-- DATA SUPPLIED follows --

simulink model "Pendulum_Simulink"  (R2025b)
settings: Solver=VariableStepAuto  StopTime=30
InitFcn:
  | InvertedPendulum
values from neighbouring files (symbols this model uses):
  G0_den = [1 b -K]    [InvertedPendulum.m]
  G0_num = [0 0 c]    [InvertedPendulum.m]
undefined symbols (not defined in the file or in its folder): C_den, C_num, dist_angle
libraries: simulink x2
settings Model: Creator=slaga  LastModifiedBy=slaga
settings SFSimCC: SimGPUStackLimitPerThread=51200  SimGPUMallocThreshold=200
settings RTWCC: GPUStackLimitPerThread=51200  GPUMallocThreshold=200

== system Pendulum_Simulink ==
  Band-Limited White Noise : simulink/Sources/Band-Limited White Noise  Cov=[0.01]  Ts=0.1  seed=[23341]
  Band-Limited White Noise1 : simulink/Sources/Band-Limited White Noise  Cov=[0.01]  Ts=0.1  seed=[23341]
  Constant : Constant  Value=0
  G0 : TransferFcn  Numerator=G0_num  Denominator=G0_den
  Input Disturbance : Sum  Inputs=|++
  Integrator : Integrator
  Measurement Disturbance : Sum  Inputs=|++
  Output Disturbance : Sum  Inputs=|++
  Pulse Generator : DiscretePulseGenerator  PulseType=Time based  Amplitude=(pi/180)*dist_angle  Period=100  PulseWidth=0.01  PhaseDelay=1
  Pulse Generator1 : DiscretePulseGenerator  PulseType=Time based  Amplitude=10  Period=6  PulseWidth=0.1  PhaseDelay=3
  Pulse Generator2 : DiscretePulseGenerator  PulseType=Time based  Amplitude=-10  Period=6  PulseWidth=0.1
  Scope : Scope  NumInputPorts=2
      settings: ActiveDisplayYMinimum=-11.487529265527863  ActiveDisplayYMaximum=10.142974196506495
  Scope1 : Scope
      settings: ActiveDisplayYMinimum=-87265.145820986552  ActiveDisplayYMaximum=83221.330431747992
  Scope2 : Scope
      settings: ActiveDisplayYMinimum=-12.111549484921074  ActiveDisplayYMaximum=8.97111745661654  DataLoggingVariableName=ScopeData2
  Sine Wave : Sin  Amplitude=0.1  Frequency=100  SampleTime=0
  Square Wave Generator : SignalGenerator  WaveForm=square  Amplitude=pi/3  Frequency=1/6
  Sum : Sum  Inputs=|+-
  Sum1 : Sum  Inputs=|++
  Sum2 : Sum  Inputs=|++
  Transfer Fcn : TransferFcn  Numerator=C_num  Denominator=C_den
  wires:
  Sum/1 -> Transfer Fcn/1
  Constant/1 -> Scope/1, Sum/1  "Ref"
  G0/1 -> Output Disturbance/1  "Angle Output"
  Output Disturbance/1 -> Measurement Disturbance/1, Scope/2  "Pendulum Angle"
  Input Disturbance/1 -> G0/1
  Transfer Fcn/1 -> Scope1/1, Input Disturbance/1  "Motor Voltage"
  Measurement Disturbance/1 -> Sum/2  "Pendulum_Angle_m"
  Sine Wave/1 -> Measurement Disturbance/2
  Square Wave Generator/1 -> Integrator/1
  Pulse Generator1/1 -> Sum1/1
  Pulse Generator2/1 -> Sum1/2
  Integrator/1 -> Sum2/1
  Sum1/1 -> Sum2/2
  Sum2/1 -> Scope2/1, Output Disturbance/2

-- DATA SUPPLIED concluded --

Go through the listing above and pull out each line containing the word "Wave".

  Sine Wave : Sin  Amplitude=0.1  Frequency=100  SampleTime=0
  Square Wave Generator : SignalGenerator  WaveForm=square  Amplitude=pi/3  Frequency=1/6
  Sine Wave/1 -> Measurement Disturbance/2
  Square Wave Generator/1 -> Integrator/1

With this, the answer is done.